TASK TO CARRY OUT - From the entries below, return only the lines starting at the one that contains "R6: 75k 0.1%; R_0603_HandSoldering" and ending at the one that contains "R5.2; also elsewhere on the board", exactly as they stand.

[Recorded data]
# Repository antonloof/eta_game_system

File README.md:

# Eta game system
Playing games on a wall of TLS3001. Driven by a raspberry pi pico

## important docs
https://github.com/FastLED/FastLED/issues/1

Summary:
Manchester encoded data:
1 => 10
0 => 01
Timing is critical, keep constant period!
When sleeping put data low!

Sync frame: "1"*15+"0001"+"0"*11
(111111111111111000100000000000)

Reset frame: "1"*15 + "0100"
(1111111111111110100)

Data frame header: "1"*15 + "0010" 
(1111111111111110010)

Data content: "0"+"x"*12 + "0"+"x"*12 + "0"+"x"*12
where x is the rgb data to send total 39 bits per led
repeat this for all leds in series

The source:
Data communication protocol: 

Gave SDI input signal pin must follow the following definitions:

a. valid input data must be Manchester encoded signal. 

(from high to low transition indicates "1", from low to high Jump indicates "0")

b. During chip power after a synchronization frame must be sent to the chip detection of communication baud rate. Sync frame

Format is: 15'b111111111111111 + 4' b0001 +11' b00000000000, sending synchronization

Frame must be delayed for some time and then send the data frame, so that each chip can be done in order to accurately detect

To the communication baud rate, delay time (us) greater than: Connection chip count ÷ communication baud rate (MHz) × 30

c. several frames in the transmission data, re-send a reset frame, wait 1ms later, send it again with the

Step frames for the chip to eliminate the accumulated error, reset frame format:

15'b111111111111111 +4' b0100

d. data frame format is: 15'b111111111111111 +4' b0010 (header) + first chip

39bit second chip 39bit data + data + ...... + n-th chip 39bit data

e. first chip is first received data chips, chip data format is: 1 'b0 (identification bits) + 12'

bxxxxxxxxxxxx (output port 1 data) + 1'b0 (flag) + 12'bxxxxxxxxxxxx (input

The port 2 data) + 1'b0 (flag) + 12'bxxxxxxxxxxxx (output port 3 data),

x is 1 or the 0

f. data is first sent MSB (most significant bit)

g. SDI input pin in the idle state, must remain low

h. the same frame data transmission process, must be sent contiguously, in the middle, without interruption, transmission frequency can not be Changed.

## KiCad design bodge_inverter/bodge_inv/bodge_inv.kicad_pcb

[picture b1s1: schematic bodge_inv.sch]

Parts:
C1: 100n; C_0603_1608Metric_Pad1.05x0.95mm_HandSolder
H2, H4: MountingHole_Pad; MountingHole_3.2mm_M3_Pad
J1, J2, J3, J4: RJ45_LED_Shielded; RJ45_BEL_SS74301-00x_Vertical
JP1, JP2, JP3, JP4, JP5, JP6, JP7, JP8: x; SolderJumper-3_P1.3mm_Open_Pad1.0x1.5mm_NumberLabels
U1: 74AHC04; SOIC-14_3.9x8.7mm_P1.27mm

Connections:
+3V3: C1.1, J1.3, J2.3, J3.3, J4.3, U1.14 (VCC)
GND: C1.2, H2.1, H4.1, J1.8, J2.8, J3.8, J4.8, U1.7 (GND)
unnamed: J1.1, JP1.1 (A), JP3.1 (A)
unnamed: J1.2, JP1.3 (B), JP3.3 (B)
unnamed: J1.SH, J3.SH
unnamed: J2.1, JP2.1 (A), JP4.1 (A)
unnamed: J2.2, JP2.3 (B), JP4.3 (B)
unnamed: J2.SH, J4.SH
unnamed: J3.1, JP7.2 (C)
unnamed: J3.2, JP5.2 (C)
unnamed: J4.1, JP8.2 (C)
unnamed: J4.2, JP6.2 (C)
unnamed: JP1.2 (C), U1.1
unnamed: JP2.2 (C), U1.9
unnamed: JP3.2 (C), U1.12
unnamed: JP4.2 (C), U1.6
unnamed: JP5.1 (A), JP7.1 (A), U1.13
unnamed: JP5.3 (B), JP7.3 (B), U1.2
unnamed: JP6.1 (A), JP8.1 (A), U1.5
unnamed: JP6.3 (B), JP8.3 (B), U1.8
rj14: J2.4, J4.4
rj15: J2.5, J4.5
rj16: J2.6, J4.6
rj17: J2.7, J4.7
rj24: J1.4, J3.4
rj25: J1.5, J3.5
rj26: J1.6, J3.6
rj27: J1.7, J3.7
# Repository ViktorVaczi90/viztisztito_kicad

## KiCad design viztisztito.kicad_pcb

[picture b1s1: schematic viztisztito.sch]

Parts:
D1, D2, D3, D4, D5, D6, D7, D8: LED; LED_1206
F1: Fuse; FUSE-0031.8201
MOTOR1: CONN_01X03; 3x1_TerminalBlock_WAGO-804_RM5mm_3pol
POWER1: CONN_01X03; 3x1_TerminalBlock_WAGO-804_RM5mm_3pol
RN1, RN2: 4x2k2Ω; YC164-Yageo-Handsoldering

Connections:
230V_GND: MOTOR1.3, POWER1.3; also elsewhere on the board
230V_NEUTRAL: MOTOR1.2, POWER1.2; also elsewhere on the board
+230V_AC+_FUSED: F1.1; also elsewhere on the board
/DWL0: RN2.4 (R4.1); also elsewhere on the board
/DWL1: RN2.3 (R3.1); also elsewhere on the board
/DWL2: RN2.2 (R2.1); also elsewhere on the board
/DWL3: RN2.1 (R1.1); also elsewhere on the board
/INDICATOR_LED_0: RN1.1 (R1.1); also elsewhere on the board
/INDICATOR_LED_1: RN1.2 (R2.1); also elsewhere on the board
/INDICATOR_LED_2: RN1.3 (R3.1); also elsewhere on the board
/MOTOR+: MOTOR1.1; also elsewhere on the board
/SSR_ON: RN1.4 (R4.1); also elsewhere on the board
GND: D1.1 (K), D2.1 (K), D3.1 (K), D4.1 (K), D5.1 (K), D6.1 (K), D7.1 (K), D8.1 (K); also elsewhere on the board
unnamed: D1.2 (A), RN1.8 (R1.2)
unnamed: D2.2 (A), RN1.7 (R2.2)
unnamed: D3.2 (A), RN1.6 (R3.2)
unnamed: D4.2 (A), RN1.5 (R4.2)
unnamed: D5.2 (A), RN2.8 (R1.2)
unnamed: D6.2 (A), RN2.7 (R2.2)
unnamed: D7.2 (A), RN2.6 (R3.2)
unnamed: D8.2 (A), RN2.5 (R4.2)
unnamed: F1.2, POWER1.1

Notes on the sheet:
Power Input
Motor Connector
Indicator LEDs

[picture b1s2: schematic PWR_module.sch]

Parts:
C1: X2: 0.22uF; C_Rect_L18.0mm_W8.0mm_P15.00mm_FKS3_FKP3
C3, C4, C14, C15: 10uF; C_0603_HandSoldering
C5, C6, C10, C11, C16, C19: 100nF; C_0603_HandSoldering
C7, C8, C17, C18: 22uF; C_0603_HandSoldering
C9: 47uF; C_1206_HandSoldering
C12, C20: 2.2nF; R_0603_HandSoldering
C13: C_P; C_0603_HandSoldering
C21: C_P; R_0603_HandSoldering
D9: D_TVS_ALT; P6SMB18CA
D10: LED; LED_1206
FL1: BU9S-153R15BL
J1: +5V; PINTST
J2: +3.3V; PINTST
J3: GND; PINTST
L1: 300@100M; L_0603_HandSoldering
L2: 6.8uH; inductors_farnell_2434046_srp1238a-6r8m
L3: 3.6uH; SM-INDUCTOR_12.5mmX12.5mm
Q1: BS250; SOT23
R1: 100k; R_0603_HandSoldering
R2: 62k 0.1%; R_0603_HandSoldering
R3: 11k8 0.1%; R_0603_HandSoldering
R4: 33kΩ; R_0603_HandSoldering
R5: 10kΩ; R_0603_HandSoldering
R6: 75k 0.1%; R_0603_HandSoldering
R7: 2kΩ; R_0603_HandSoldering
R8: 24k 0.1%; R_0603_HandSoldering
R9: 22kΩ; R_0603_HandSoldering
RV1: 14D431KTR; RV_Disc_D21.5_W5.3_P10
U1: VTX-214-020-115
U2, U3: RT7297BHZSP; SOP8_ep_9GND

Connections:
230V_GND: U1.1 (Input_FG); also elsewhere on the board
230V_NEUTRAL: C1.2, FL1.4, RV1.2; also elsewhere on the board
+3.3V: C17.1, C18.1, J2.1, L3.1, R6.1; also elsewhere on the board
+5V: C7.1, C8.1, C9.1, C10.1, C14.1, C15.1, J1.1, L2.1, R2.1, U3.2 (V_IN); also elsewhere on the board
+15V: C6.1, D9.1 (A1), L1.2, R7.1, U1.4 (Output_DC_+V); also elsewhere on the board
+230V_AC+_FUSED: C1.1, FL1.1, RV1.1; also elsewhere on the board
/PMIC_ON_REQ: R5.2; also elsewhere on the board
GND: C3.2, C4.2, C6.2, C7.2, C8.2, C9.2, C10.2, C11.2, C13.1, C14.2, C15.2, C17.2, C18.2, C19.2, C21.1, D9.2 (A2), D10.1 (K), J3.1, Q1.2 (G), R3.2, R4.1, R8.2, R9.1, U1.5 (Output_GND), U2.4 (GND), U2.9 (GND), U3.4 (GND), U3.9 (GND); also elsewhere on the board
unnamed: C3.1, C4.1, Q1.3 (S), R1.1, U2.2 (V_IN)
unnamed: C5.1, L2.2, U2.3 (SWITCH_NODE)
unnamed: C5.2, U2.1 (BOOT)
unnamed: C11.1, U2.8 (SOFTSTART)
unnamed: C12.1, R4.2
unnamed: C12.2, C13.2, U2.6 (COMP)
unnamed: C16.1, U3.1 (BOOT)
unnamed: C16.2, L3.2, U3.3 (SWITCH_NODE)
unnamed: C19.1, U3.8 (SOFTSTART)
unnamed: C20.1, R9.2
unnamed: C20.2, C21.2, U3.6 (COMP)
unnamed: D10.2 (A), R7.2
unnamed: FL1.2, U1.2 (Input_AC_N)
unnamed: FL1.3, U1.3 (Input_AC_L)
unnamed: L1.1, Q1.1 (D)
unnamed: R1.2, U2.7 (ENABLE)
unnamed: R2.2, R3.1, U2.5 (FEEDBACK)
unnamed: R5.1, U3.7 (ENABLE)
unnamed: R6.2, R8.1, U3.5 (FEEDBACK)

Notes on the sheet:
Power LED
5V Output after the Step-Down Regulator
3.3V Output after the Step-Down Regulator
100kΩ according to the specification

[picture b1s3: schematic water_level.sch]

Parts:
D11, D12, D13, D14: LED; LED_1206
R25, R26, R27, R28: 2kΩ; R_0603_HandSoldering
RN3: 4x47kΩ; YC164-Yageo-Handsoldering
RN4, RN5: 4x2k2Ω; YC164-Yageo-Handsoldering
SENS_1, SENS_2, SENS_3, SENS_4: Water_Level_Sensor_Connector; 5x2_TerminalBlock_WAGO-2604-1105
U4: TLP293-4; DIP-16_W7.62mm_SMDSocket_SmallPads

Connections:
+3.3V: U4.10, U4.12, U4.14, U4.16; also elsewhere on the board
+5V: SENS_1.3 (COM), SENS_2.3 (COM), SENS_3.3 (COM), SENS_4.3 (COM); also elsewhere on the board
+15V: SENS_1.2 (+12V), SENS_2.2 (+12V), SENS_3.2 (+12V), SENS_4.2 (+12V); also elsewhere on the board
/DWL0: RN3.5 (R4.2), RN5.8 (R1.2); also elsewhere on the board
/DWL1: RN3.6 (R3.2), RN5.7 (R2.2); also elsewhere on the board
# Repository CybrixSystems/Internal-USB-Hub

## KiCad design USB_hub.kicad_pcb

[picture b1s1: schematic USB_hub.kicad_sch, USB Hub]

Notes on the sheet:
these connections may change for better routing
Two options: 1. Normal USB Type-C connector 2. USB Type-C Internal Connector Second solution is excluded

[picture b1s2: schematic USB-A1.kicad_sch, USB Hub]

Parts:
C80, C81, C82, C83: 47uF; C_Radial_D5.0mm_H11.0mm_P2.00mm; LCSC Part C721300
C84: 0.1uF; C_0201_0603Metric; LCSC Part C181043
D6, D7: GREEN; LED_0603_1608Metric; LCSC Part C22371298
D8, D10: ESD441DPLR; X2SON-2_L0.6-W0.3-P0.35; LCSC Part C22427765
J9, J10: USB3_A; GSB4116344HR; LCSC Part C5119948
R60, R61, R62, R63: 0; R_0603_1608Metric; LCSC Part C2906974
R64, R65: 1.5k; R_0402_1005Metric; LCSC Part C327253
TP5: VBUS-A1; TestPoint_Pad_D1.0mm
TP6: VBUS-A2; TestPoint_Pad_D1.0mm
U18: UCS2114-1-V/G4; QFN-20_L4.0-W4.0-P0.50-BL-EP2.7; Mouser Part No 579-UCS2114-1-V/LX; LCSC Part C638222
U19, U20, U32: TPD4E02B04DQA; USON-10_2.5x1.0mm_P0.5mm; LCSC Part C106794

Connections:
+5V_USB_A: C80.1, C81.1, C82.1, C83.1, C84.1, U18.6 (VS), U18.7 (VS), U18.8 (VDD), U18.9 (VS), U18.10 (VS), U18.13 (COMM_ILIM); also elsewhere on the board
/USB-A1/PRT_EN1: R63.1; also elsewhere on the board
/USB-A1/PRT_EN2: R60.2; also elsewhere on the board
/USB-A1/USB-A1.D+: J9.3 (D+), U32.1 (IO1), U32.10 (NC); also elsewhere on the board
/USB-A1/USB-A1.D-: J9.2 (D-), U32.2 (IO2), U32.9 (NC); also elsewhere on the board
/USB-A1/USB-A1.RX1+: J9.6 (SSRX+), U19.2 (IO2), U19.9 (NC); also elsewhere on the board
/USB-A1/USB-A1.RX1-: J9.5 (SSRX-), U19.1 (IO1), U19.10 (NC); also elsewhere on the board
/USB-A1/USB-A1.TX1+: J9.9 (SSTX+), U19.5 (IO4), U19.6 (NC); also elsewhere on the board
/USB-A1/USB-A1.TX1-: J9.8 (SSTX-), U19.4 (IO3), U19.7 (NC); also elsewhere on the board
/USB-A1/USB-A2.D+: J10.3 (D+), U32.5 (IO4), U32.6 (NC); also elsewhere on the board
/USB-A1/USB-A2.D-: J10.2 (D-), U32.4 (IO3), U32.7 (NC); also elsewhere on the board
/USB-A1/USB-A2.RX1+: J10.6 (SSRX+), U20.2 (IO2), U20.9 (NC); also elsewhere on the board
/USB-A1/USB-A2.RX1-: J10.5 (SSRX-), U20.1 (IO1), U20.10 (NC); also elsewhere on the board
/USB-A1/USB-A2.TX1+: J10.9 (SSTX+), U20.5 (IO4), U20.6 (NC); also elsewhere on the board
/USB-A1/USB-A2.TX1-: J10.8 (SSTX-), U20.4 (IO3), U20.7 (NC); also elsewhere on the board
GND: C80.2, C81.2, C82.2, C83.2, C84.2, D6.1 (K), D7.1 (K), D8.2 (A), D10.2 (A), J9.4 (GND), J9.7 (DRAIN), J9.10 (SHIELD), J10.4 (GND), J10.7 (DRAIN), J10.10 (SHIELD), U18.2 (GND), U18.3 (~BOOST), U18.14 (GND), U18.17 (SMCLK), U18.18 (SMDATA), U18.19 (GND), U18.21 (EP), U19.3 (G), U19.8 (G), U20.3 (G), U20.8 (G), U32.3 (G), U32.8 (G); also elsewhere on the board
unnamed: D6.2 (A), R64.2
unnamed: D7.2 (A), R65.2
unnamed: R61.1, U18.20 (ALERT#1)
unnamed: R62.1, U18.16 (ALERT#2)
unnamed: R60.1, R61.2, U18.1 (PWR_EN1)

TASK RESULT -
R6: 75k 0.1%; R_0603_HandSoldering
R7: 2kΩ; R_0603_HandSoldering
R8: 24k 0.1%; R_0603_HandSoldering
R9: 22kΩ; R_0603_HandSoldering
RV1: 14D431KTR; RV_Disc_D21.5_W5.3_P10
U1: VTX-214-020-115
U2, U3: RT7297BHZSP; SOP8_ep_9GND

Connections:
230V_GND: U1.1 (Input_FG); also elsewhere on the board
230V_NEUTRAL: C1.2, FL1.4, RV1.2; also elsewhere on the board
+3.3V: C17.1, C18.1, J2.1, L3.1, R6.1; also elsewhere on the board
+5V: C7.1, C8.1, C9.1, C10.1, C14.1, C15.1, J1.1, L2.1, R2.1, U3.2 (V_IN); also elsewhere on the board
+15V: C6.1, D9.1 (A1), L1.2, R7.1, U1.4 (Output_DC_+V); also elsewhere on the board
+230V_AC+_FUSED: C1.1, FL1.1, RV1.1; also elsewhere on the board
/PMIC_ON_REQ: R5.2; also elsewhere on the board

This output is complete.